(Dataset records)
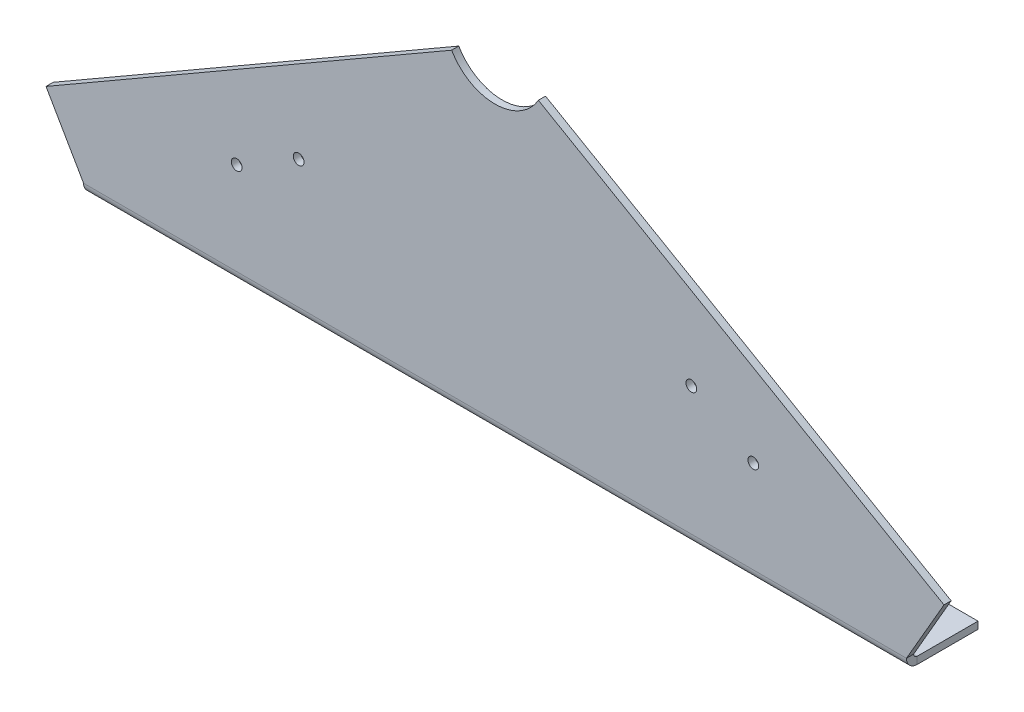
ISO-10303-21;
HEADER;
FILE_DESCRIPTION(('STEP AP214'),'2;1');
FILE_NAME('part.step','',(''),(''),'','','');
FILE_SCHEMA(('AUTOMOTIVE_DESIGN { 1 0 10303 214 1 1 1 1 }'));
ENDSEC;
DATA;
#1=APPLICATION_CONTEXT('core data for automotive mechanical design processes');
#2=APPLICATION_PROTOCOL_DEFINITION('international standard','automotive_design',2000,#1);
#3=PRODUCT_CONTEXT('',#1,'mechanical');
#4=PRODUCT('Part','Part','',(#3));
#5=PRODUCT_RELATED_PRODUCT_CATEGORY('part','',(#4));
#6=PRODUCT_DEFINITION_FORMATION('','',#4);
#7=PRODUCT_DEFINITION_CONTEXT('part definition',#1,'design');
#8=PRODUCT_DEFINITION('design','',#6,#7);
#9=PRODUCT_DEFINITION_SHAPE('','',#8);
#10=(LENGTH_UNIT() NAMED_UNIT(*) SI_UNIT(.MILLI.,.METRE.));
#11=(NAMED_UNIT(*) PLANE_ANGLE_UNIT() SI_UNIT($,.RADIAN.));
#12=(NAMED_UNIT(*) SI_UNIT($,.STERADIAN.) SOLID_ANGLE_UNIT());
#13=UNCERTAINTY_MEASURE_WITH_UNIT(LENGTH_MEASURE(1.E-05),#10,'distance_accuracy_value','');
#14=(GEOMETRIC_REPRESENTATION_CONTEXT(3) GLOBAL_UNCERTAINTY_ASSIGNED_CONTEXT((#13)) GLOBAL_UNIT_ASSIGNED_CONTEXT((#10,
#11,#12)) REPRESENTATION_CONTEXT('',''));
#15=CARTESIAN_POINT('',(0.,0.,0.));
#16=DIRECTION('',(0.,0.,1.));
#17=DIRECTION('',(1.,0.,0.));
#18=AXIS2_PLACEMENT_3D('',#15,#16,#17);
#19=CARTESIAN_POINT('',(0.,0.,-2.));
#20=DIRECTION('',(-0.866025403784436,-0.500000000000005,0.));
#21=DIRECTION('',(0.500000000000005,-0.866025403784436,0.));
#22=AXIS2_PLACEMENT_3D('',#19,#20,#21);
#23=PLANE('',#22);
#24=DIRECTION('',(0.500000000000005,-0.866025403784436,0.));
#25=VECTOR('',#24,1.);
#26=CARTESIAN_POINT('',(0.,0.,0.));
#27=LINE('',#26,#25);
#28=CARTESIAN_POINT('',(-10.4957412624029,18.1791571295786,0.));
#29=VERTEX_POINT('',#28);
#30=CARTESIAN_POINT('',(0.,0.,0.));
#31=VERTEX_POINT('',#30);
#32=EDGE_CURVE('E189',#29,#31,#27,.T.);
#33=ORIENTED_EDGE('',*,*,#32,.F.);
#34=DIRECTION('',(0.,0.,-1.));
#35=VECTOR('',#34,1.);
#36=CARTESIAN_POINT('',(-10.4957412624029,18.1791571295786,-2.));
#37=LINE('',#36,#35);
#38=CARTESIAN_POINT('',(-10.4957412624029,18.1791571295786,-2.));
#39=VERTEX_POINT('',#38);
#40=EDGE_CURVE('E175',#29,#39,#37,.T.);
#41=ORIENTED_EDGE('',*,*,#40,.T.);
#42=DIRECTION('',(0.500000000000005,-0.866025403784436,0.));
#43=VECTOR('',#42,1.);
#44=CARTESIAN_POINT('',(0.,0.,-2.));
#45=LINE('',#44,#43);
#46=CARTESIAN_POINT('',(0.,0.,-2.));
#47=VERTEX_POINT('',#46);
#48=EDGE_CURVE('E219',#39,#47,#45,.T.);
#49=ORIENTED_EDGE('',*,*,#48,.T.);
#50=DIRECTION('',(0.,0.,1.));
#51=VECTOR('',#50,1.);
#52=CARTESIAN_POINT('',(0.,0.,-2.));
#53=LINE('',#52,#51);
#54=EDGE_CURVE('E199',#47,#31,#53,.T.);
#55=ORIENTED_EDGE('',*,*,#54,.T.);
#56=EDGE_LOOP('',(#33,#41,#49,#55));
#57=FACE_BOUND('',#56,.T.);
#58=ADVANCED_FACE('F100',(#57),#23,.T.);
#59=CARTESIAN_POINT('',(250.999999999999,36.3730669589471,-2.));
#60=DIRECTION('',(0.866025403784455,-0.499999999999971,0.));
#61=DIRECTION('',(0.499999999999971,0.866025403784455,0.));
#62=AXIS2_PLACEMENT_3D('',#59,#60,#61);
#63=PLANE('',#62);
#64=DIRECTION('',(0.499999999999971,0.866025403784455,0.));
#65=VECTOR('',#64,1.);
#66=CARTESIAN_POINT('',(250.999999999999,36.3730669589471,-2.));
#67=LINE('',#66,#65);
#68=CARTESIAN_POINT('',(230.,0.,-2.));
#69=VERTEX_POINT('',#68);
#70=CARTESIAN_POINT('',(240.495741262403,18.1791571295807,-2.));
#71=VERTEX_POINT('',#70);
#72=EDGE_CURVE('E206',#69,#71,#67,.T.);
#73=ORIENTED_EDGE('',*,*,#72,.T.);
#74=DIRECTION('',(0.,0.,1.));
#75=VECTOR('',#74,1.);
#76=CARTESIAN_POINT('',(240.495741262403,18.1791571295807,-2.));
#77=LINE('',#76,#75);
#78=CARTESIAN_POINT('',(240.495741262403,18.1791571295807,0.));
#79=VERTEX_POINT('',#78);
#80=EDGE_CURVE('E658',#71,#79,#77,.T.);
#81=ORIENTED_EDGE('',*,*,#80,.T.);
#82=DIRECTION('',(0.499999999999971,0.866025403784455,0.));
#83=VECTOR('',#82,1.);
#84=CARTESIAN_POINT('',(250.999999999999,36.3730669589471,0.));
#85=LINE('',#84,#83);
#86=CARTESIAN_POINT('',(230.,0.,0.));
#87=VERTEX_POINT('',#86);
#88=EDGE_CURVE('E202',#87,#79,#85,.T.);
#89=ORIENTED_EDGE('',*,*,#88,.F.);
#90=DIRECTION('',(0.,0.,1.));
#91=VECTOR('',#90,1.);
#92=CARTESIAN_POINT('',(230.,0.,-2.));
#93=LINE('',#92,#91);
#94=EDGE_CURVE('E215',#69,#87,#93,.T.);
#95=ORIENTED_EDGE('',*,*,#94,.F.);
#96=EDGE_LOOP('',(#73,#81,#89,#95));
#97=FACE_BOUND('',#96,.T.);
#98=ADVANCED_FACE('F102',(#97),#63,.T.);
#99=CARTESIAN_POINT('',(0.,0.,-2.));
#100=DIRECTION('',(0.,0.,-1.));
#101=DIRECTION('',(-1.,0.,0.));
#102=AXIS2_PLACEMENT_3D('',#99,#100,#101);
#103=PLANE('',#102);
#104=CARTESIAN_POINT('',(169.87822173509,35.866025403781,-2.));
#105=DIRECTION('',(0.,0.,-1.));
#106=DIRECTION('',(-1.,0.,0.));
#107=AXIS2_PLACEMENT_3D('',#104,#105,#106);
#108=CIRCLE('',#107,1.5);
#109=CARTESIAN_POINT('',(168.37822173509,35.866025403781,-2.));
#110=VERTEX_POINT('',#109);
#111=EDGE_CURVE('E183',#110,#110,#108,.T.);
#112=ORIENTED_EDGE('',*,*,#111,.F.);
#113=EDGE_LOOP('',(#112));
#114=FACE_BOUND('',#113,.T.);
#115=CARTESIAN_POINT('',(187.19872981078,25.8660254037816,-2.));
#116=DIRECTION('',(0.,0.,-1.));
#117=DIRECTION('',(-1.,0.,0.));
#118=AXIS2_PLACEMENT_3D('',#115,#116,#117);
#119=CIRCLE('',#118,1.5);
#120=CARTESIAN_POINT('',(185.69872981078,25.8660254037816,-2.));
#121=VERTEX_POINT('',#120);
#122=EDGE_CURVE('E647',#121,#121,#119,.T.);
#123=ORIENTED_EDGE('',*,*,#122,.F.);
#124=EDGE_LOOP('',(#123));
#125=FACE_BOUND('',#124,.T.);
#126=CARTESIAN_POINT('',(42.8012701892222,25.866025403784,-2.));
#127=DIRECTION('',(0.,0.,-1.));
#128=DIRECTION('',(-1.,0.,0.));
#129=AXIS2_PLACEMENT_3D('',#126,#127,#128);
#130=CIRCLE('',#129,1.5);
#131=CARTESIAN_POINT('',(41.3012701892222,25.866025403784,-2.));
#132=VERTEX_POINT('',#131);
#133=EDGE_CURVE('E644',#132,#132,#130,.T.);
#134=ORIENTED_EDGE('',*,*,#133,.F.);
#135=EDGE_LOOP('',(#134));
#136=FACE_BOUND('',#135,.T.);
#137=CARTESIAN_POINT('',(60.121778264911,35.866025403784,-2.));
#138=DIRECTION('',(0.,0.,-1.));
#139=DIRECTION('',(-1.,0.,0.));
#140=AXIS2_PLACEMENT_3D('',#137,#138,#139);
#141=CIRCLE('',#140,1.5);
#142=CARTESIAN_POINT('',(58.621778264911,35.866025403784,-2.));
#143=VERTEX_POINT('',#142);
#144=EDGE_CURVE('E225',#143,#143,#141,.T.);
#145=ORIENTED_EDGE('',*,*,#144,.F.);
#146=EDGE_LOOP('',(#145));
#147=FACE_BOUND('',#146,.T.);
#148=ORIENTED_EDGE('',*,*,#48,.F.);
#149=DIRECTION('',(0.866025403784434,0.500000000000008,0.));
#150=VECTOR('',#149,1.);
#151=CARTESIAN_POINT('',(-10.4957412624029,18.1791571295786,-2.));
#152=LINE('',#151,#150);
#153=CARTESIAN_POINT('',(102.879905328467,83.6366172083668,-2.));
#154=VERTEX_POINT('',#153);
#155=EDGE_CURVE('E178',#39,#154,#152,.T.);
#156=ORIENTED_EDGE('',*,*,#155,.T.);
#157=CARTESIAN_POINT('',(115.,90.643992262771,-2.));
#158=DIRECTION('',(0.,0.,-1.));
#159=DIRECTION('',(-1.,0.,0.));
#160=AXIS2_PLACEMENT_3D('',#157,#158,#159);
#161=CIRCLE('',#160,14.);
#162=CARTESIAN_POINT('',(127.120094671533,83.6366172083666,-2.));
#163=VERTEX_POINT('',#162);
#164=EDGE_CURVE('E236',#163,#154,#161,.T.);
#165=ORIENTED_EDGE('',*,*,#164,.F.);
#166=DIRECTION('',(0.866025403784442,-0.499999999999994,0.));
#167=VECTOR('',#166,1.);
#168=CARTESIAN_POINT('',(67.9957412624022,117.77207856479,-2.));
#169=LINE('',#168,#167);
#170=EDGE_CURVE('E123',#163,#71,#169,.T.);
#171=ORIENTED_EDGE('',*,*,#170,.T.);
#172=ORIENTED_EDGE('',*,*,#72,.F.);
#173=DIRECTION('',(1.,0.,0.));
#174=VECTOR('',#173,1.);
#175=CARTESIAN_POINT('',(230.,0.,-2.));
#176=LINE('',#175,#174);
#177=EDGE_CURVE('E201',#47,#69,#176,.T.);
#178=ORIENTED_EDGE('',*,*,#177,.F.);
#179=EDGE_LOOP('',(#148,#156,#165,#171,#172,#178));
#180=FACE_BOUND('',#179,.T.);
#181=ADVANCED_FACE('F399',(#114,#125,#136,#147,#180),#103,.T.);
#182=CARTESIAN_POINT('',(0.,0.,0.));
#183=DIRECTION('',(0.,0.,-1.));
#184=DIRECTION('',(-1.,0.,0.));
#185=AXIS2_PLACEMENT_3D('',#182,#183,#184);
#186=PLANE('',#185);
#187=CARTESIAN_POINT('',(169.87822173509,35.866025403781,0.));
#188=DIRECTION('',(0.,0.,-1.));
#189=DIRECTION('',(-1.,0.,0.));
#190=AXIS2_PLACEMENT_3D('',#187,#188,#189);
#191=CIRCLE('',#190,1.5);
#192=CARTESIAN_POINT('',(168.37822173509,35.866025403781,0.));
#193=VERTEX_POINT('',#192);
#194=EDGE_CURVE('E220',#193,#193,#191,.T.);
#195=ORIENTED_EDGE('',*,*,#194,.T.);
#196=EDGE_LOOP('',(#195));
#197=FACE_BOUND('',#196,.T.);
#198=CARTESIAN_POINT('',(187.19872981078,25.8660254037816,0.));
#199=DIRECTION('',(0.,0.,-1.));
#200=DIRECTION('',(-1.,0.,0.));
#201=AXIS2_PLACEMENT_3D('',#198,#199,#200);
#202=CIRCLE('',#201,1.5);
#203=CARTESIAN_POINT('',(185.69872981078,25.8660254037816,0.));
#204=VERTEX_POINT('',#203);
#205=EDGE_CURVE('E224',#204,#204,#202,.T.);
#206=ORIENTED_EDGE('',*,*,#205,.T.);
#207=EDGE_LOOP('',(#206));
#208=FACE_BOUND('',#207,.T.);
#209=CARTESIAN_POINT('',(42.8012701892222,25.866025403784,0.));
#210=DIRECTION('',(0.,0.,-1.));
#211=DIRECTION('',(-1.,0.,0.));
#212=AXIS2_PLACEMENT_3D('',#209,#210,#211);
#213=CIRCLE('',#212,1.5);
#214=CARTESIAN_POINT('',(41.3012701892222,25.866025403784,0.));
#215=VERTEX_POINT('',#214);
#216=EDGE_CURVE('E229',#215,#215,#213,.T.);
#217=ORIENTED_EDGE('',*,*,#216,.T.);
#218=EDGE_LOOP('',(#217));
#219=FACE_BOUND('',#218,.T.);
#220=CARTESIAN_POINT('',(60.121778264911,35.866025403784,0.));
#221=DIRECTION('',(0.,0.,-1.));
#222=DIRECTION('',(-1.,0.,0.));
#223=AXIS2_PLACEMENT_3D('',#220,#221,#222);
#224=CIRCLE('',#223,1.5);
#225=CARTESIAN_POINT('',(58.621778264911,35.866025403784,0.));
#226=VERTEX_POINT('',#225);
#227=EDGE_CURVE('E233',#226,#226,#224,.T.);
#228=ORIENTED_EDGE('',*,*,#227,.T.);
#229=EDGE_LOOP('',(#228));
#230=FACE_BOUND('',#229,.T.);
#231=DIRECTION('',(0.866025403784434,0.500000000000008,0.));
#232=VECTOR('',#231,1.);
#233=CARTESIAN_POINT('',(-14.8258682813249,15.6791571295786,0.));
#234=LINE('',#233,#232);
#235=CARTESIAN_POINT('',(102.879905328467,83.6366172083668,0.));
#236=VERTEX_POINT('',#235);
#237=EDGE_CURVE('E115',#29,#236,#234,.T.);
#238=ORIENTED_EDGE('',*,*,#237,.F.);
#239=ORIENTED_EDGE('',*,*,#32,.T.);
#240=DIRECTION('',(1.,0.,0.));
#241=VECTOR('',#240,1.);
#242=CARTESIAN_POINT('',(230.,0.,0.));
#243=LINE('',#242,#241);
#244=EDGE_CURVE('E209',#31,#87,#243,.T.);
#245=ORIENTED_EDGE('',*,*,#244,.T.);
#246=ORIENTED_EDGE('',*,*,#88,.T.);
#247=DIRECTION('',(0.866025403784442,-0.499999999999994,0.));
#248=VECTOR('',#247,1.);
#249=CARTESIAN_POINT('',(115.,90.6341571295798,0.));
#250=LINE('',#249,#248);
#251=CARTESIAN_POINT('',(127.120094671533,83.6366172083666,0.));
#252=VERTEX_POINT('',#251);
#253=EDGE_CURVE('E195',#252,#79,#250,.T.);
#254=ORIENTED_EDGE('',*,*,#253,.F.);
#255=CARTESIAN_POINT('',(115.,90.643992262771,0.));
#256=DIRECTION('',(0.,0.,-1.));
#257=DIRECTION('',(-1.,0.,0.));
#258=AXIS2_PLACEMENT_3D('',#255,#256,#257);
#259=CIRCLE('',#258,14.);
#260=EDGE_CURVE('E193',#236,#252,#259,.F.);
#261=ORIENTED_EDGE('',*,*,#260,.F.);
#262=EDGE_LOOP('',(#238,#239,#245,#246,#254,#261));
#263=FACE_BOUND('',#262,.T.);
#264=ADVANCED_FACE('F187',(#197,#208,#219,#230,#263),#186,.F.);
#265=CARTESIAN_POINT('',(115.,90.643992262771,0.00100000000031759));
#266=DIRECTION('',(0.,0.,-1.));
#267=DIRECTION('',(-1.,0.,0.));
#268=AXIS2_PLACEMENT_3D('',#265,#266,#267);
#269=CYLINDRICAL_SURFACE('',#268,14.);
#270=DIRECTION('',(0.,0.,-1.));
#271=VECTOR('',#270,1.);
#272=CARTESIAN_POINT('',(102.879905328467,83.6366172083668,0.00100000000031759));
#273=LINE('',#272,#271);
#274=EDGE_CURVE('E13',#236,#154,#273,.T.);
#275=ORIENTED_EDGE('',*,*,#274,.F.);
#276=ORIENTED_EDGE('',*,*,#260,.T.);
#277=DIRECTION('',(0.,0.,-1.));
#278=VECTOR('',#277,1.);
#279=CARTESIAN_POINT('',(127.120094671533,83.6366172083666,0.00100000000031759));
#280=LINE('',#279,#278);
#281=EDGE_CURVE('E109',#163,#252,#280,.F.);
#282=ORIENTED_EDGE('',*,*,#281,.F.);
#283=ORIENTED_EDGE('',*,*,#164,.T.);
#284=EDGE_LOOP('',(#275,#276,#282,#283));
#285=FACE_BOUND('',#284,.T.);
#286=ADVANCED_FACE('F246',(#285),#269,.F.);
#287=CARTESIAN_POINT('',(230.,0.,-3.));
#288=DIRECTION('',(1.,0.,0.));
#289=DIRECTION('',(0.,0.,-1.));
#290=AXIS2_PLACEMENT_3D('',#287,#288,#289);
#291=PLANE('',#290);
#292=DIRECTION('',(0.,1.,0.));
#293=VECTOR('',#292,1.);
#294=CARTESIAN_POINT('',(230.,-3.,-2.99999999999999));
#295=LINE('',#294,#293);
#296=CARTESIAN_POINT('',(230.,-0.999999999999999,-3.));
#297=VERTEX_POINT('',#296);
#298=CARTESIAN_POINT('',(230.,-3.,-2.99999999999999));
#299=VERTEX_POINT('',#298);
#300=EDGE_CURVE('E262',#297,#299,#295,.F.);
#301=ORIENTED_EDGE('',*,*,#300,.F.);
#302=CARTESIAN_POINT('',(230.,0.,-3.));
#303=DIRECTION('',(-1.,0.,0.));
#304=DIRECTION('',(0.,0.,1.));
#305=AXIS2_PLACEMENT_3D('',#302,#303,#304);
#306=CIRCLE('',#305,0.999999999999999);
#307=EDGE_CURVE('E336',#69,#297,#306,.F.);
#308=ORIENTED_EDGE('',*,*,#307,.F.);
#309=ORIENTED_EDGE('',*,*,#94,.T.);
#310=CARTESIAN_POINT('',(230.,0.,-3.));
(End Dataset records)
Activity:
In the data above, find the line that contains "#48=EDGE_CURVE('E219',#39,#47,#45,.T.);" and the line that contains "#69=VERTEX_POINT('',#68);". Repeat exactly those lines and every line between them, and only those.

Exercise answer:
#48=EDGE_CURVE('E219',#39,#47,#45,.T.);
#49=ORIENTED_EDGE('',*,*,#48,.T.);
#50=DIRECTION('',(0.,0.,1.));
#51=VECTOR('',#50,1.);
#52=CARTESIAN_POINT('',(0.,0.,-2.));
#53=LINE('',#52,#51);
#54=EDGE_CURVE('E199',#47,#31,#53,.T.);
#55=ORIENTED_EDGE('',*,*,#54,.T.);
#56=EDGE_LOOP('',(#33,#41,#49,#55));
#57=FACE_BOUND('',#56,.T.);
#58=ADVANCED_FACE('F100',(#57),#23,.T.);
#59=CARTESIAN_POINT('',(250.999999999999,36.3730669589471,-2.));
#60=DIRECTION('',(0.866025403784455,-0.499999999999971,0.));
#61=DIRECTION('',(0.499999999999971,0.866025403784455,0.));
#62=AXIS2_PLACEMENT_3D('',#59,#60,#61);
#63=PLANE('',#62);
#64=DIRECTION('',(0.499999999999971,0.866025403784455,0.));
#65=VECTOR('',#64,1.);
#66=CARTESIAN_POINT('',(250.999999999999,36.3730669589471,-2.));
#67=LINE('',#66,#65);
#68=CARTESIAN_POINT('',(230.,0.,-2.));
#69=VERTEX_POINT('',#68);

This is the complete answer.